Wir müssen uns fragen, welche Werte es sind, die wir in die Welt tragen. Wie wäre es beispielsweise mit der „demokratisch freiheitliche Grundordnung“?  Der Traum einer Demokratie, den viele Menschen in der westlichen Welt inzwischen selbst hinterfragen. All jene, die entweder auf lange Zeit arbeitslos sind und bleiben werden, jene, die acht, zehn, zwölf Stunden am Tag arbeiten und aus der Stadt auf das Land ziehen müßten, um sich überhaupt eine Wohnung leisten zu können. All jene, welche sich von der Panikmache der bunten Medienlandschaft des Westens anstecken lassen und xxGIDA-Plakate hochhalten und dabei besessenen Angstmachern zuhören. Man kann die Menschen verstehen, wenn sie dem eigenen System nicht mehr trauen. Ein System, das sich hat ausnutzen lassen von corporate greed, das seine Schwimmbäder und Sportplätze verliert und dafür Vodafone-Aren bekommt, wo ein Ticket den Tageslohn kostet. Ein System, wo Kommunen, die wichtigsten sozialen Zentren eines Landes systematisch ausverkauft werden müssen, weil ihre Selbstverwaltung nach Art. 28 Grundgesetz zur Farce verkommen ist. Die ganze westliche Hegemonie ist nicht mehr nur Feindbild der IS; sie wird auch für westliche Bürger immer weniger greifbar.

Wie wäre es dann, zumindest Aufklärung in die Welt zu tragen? Dazu muß man selbst erst einmal aufgeklärt sein. Daß die AfD und die CSU Aufwind bekommen, spricht schonmal für eine Devolution in dieser Hinsicht. Doch das beiseite: Was nützt mir Wissen, Aufgeklärtheit und das Studium der alten Philosophen, wenn meine Stimme kein Gewicht mehr hat? So fühlen sich deutsche (und andere europäische) Bürger. So fühlen sich amerikanische Bürger schon länger. Die Wahlbeteiligung spricht jedes Mal für sich. Dann ist eines verständlich: Daß die Sachsen Montags auf die Straße gehen. Immerhin ist da jemand, der sie hört, jemand, der laut apelliert.

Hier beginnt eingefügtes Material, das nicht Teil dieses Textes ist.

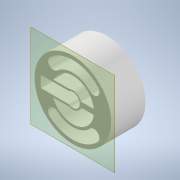
# Autodesk Inventor part: Part5
Saved by Autodesk Inventor 2020 (Build 240168000, 168)
## iProperties
Created: 2022-04-08
Part Number: Part5
Material: Generic
Document SubType Name: Modeling
Designer: Mic
Density: 1 g/cm^3
Appearance: Default
Author: Mic
Autodesk Inventor part; units mm, degrees
ref_plane "YZ Plane" through (0, 0, 0) normal (1, 0, 0) x (0, 1, 0)
ref_plane "XZ Plane" through (0, 0, 0) normal (0, 1, 0) x (-1, 0, 0)
ref_plane "Work Plane1" through (0, 0, -17.4625) normal (0, 0, -1) x (-1, 0, 0)
sketch "Sketch1" plane through (0, 0, -17.4625) normal (0, 0, -1) x (-1, 0, 0)
  line L0 (21.9058, 2.4654) -> (9.8822, 2.4654) projected
  arc A0 (9.8822, 2.4654) -> (9.8822, -2.4654) centre (8.2326, 0) ccw projected
  line L1 (9.8822, -2.4654) -> (21.9058, -2.4654) projected
  arc A1 (21.9058, -2.4654) -> (21.9058, 2.4654) centre (8.2326, 0) ccw projected
  circle A2 centre (8.2326, 0) radius 16.4653 projected
  line L2 (-0.7639, 1.0986) -> (4.7936, 1.0986) projected
  arc A3 (9.6103, 3.3371) -> (4.7936, 1.0986) centre (8.2326, 0) ccw projected
  line L3 (9.6103, 3.3371) -> (16.6593, 3.3371) projected
  arc A4 (16.6593, 3.3371) -> (-0.7639, 1.0986) centre (8.2326, 0) ccw projected
  arc A5 (18.0899, 11.1174) -> (-2.5396, 10.2334) centre (8.2326, 0) ccw projected
  arc A6 (-2.5396, 10.2334) -> (0.8781, 6.9867) centre (-0.8307, 8.61) ccw projected
  arc A7 (14.9625, 7.5902) -> (0.8781, 6.9867) centre (8.2326, 0) ccw projected
  arc A8 (14.9625, 7.5902) -> (18.0899, 11.1174) centre (16.5262, 9.3538) ccw projected
  arc A9 (-2.5396, -10.2334) -> (18.0899, -11.1174) centre (8.2326, 0) ccw projected
  arc A10 (18.0899, -11.1174) -> (14.9625, -7.5902) centre (16.5262, -9.3538) ccw projected
  arc A11 (0.8781, -6.9867) -> (14.9625, -7.5902) centre (8.2326, 0) ccw projected
  arc A12 (0.8781, -6.9867) -> (-2.5396, -10.2334) centre (-0.8307, -8.61) ccw projected
  line L4 (16.6593, -3.3371) -> (9.6103, -3.3371) projected
  arc A13 (4.7936, -1.0986) -> (9.6103, -3.3371) centre (8.2326, 0) ccw projected
  line L5 (4.7936, -1.0986) -> (-0.7639, -1.0986) projected
  arc A14 (-0.7639, -1.0986) -> (16.6593, -3.3371) centre (8.2326, 0) ccw projected
  point P0 (0, 0)
extrude "Extrusion1" add sketch "Sketch1" along normal blind 14.75
ref_plane "Work Plane2" through (-8.2326, 0, -24.8375) normal (0, 0, -1) x (-1, 0, 0)
body "Solid1"
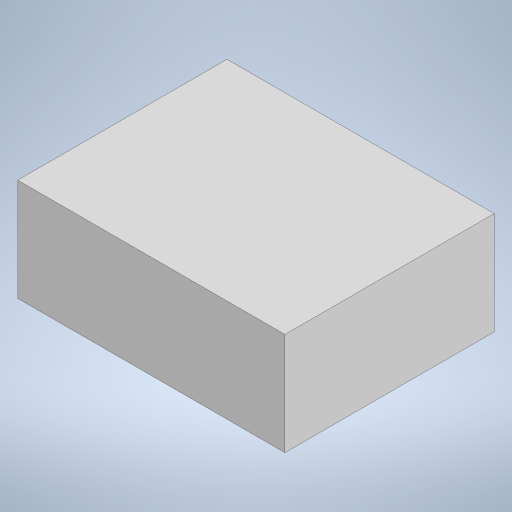
# Autodesk Inventor part: CH-1-01-motorController
Saved by Autodesk Inventor 2023 (Build 270158000, 158)
## iProperties
Created: 2022-11-15
Part Number: CH-1-01-motorController
Material: Generic
Document SubType Name: Modeling
Designer: megan
Density: 1 g/cm^3
Appearance: Default
Author: megan
Autodesk Inventor part; units mm, degrees
ref_plane "YZ Plane" through (0, 0, 0) normal (1, 0, 0) x (0, 1, 0)
ref_plane "XZ Plane" through (0, 0, 0) normal (0, 1, 0) x (-1, 0, 0)
ref_plane "XY Plane" through (0, 0, 0) normal (0, 0, 1) x (1, 0, 0)
sketch "Sketch1" plane through (0, 0, 0) normal (0, 1, 0) x (-1, 0, 0)
  line L0 (30, 23.5) -> (-30, 23.5)
  line L1 (-30, 23.5) -> (-30, -23.5)
  line L2 (-30, -23.5) -> (30, -23.5)
  line L3 (30, -23.5) -> (30, 23.5)
  line L4 (30, 23.5) -> (-30, -23.5) construction
  line L5 (-30, 23.5) -> (30, -23.5) construction
  point P0 (0, 0)
  dimension "d0" = 47
  dimension "d1" = 60
  constraints: 12 end point, 2 midpoint, 2 parallel, 1 horizontal, 1 perpendicular
  measures "d0" distance between parallel lines of L2 L0
  measures "d1" distance between parallel lines of L1 L3
extrude "Extrusion1" add sketch "Sketch1" along normal blind 23
body "Solid1"

Dabei verschmilzt langsam die Filigranität menschlichen Geistes zu einem Klumpen an Dummheit, der sich langsam in Bewegung setzt und immer mehr Menschen mit sich reißt. Das Momentum beginnt im kleinen und wird, wie ein Schneeball, immer größer. Um so radikaler sein Einschlag. Aber welchem Arbeitslosen, Renter oder Arbeiter mit Mindestlohn könnte man es verdenken? Diese Menschen sind weder naiv noch radikal; manch einer wurde womöglich schon von einem Germanisten bei McD bedient. Diese Menschen, die wir inzwischen getrost einer Klasse zuordnen können, welche rasant wächst ( Mittelschicht ade ) wurden lediglich radikal in einen Wettbewerb untereinander gesto-en, den die meisten verloren haben. Weil sie die Hilfe in der Politik suchen und nicht im Markt, haben sie gar keine andere Möglichkeit als sich auf die Straße zu begeben. Leider mit Demagogen wie Bachmann oder Höcke. Viele sind nicht einverstanden mit menschenverachtendem Getöne, doch manche werde weichgequatscht. Die Lobby, welche Deutschland zerklüftet, ist die selbe, welche nun Waffen für den Krieg gegen den IS produziert.

Waffen, mit denen in Syrien und im Irak auch Zivilisten getötet werden. Wenn französische, amerikanische, britische und deutsche Bomben daran beteiligt sind, laufen die Zivilisten zur IS wie die besorgte Bürger zur Pegida. Dann wird es eine Menge hölzerner Kreuze zu sehen geben. Brennend. Kollateralschäden für noch mehr Radikalisierung. Die Spirale der Gewalt wird gerade in Paris angefacht – insbesondere durch Hollande, der in übertriebenem Aktionismus Bomben in Syrien verteilt und Europa zur Einigkeit aufruft.

Einigkeit, die Europa in der Flüchtlingsdebatte nicht finden konnte, aber im gemeinsamen Krieg. Mit Sicherheit sind auch Nicht-Flüchtlinge auf der großen Welle mitgeritten. Womöglich auch Attentäter von Paris. Doch gab es Giftgas und Bomben in London und Paris schon vor den großen Flüchtlingsströmen. Eine Korellation zwischen Flüchtlingsströmen und vermehrten Terroranschlägen ist Spekulation.

Wollen wir wirklich in einem Generalverdacht all jene Flüchtlinge in ihre brennende Heimat zurückschicken, die heute unsere Hilfe brauchen? Einige davon werden morgen unsere Fahnen anzünden. Sind das unsere Werte?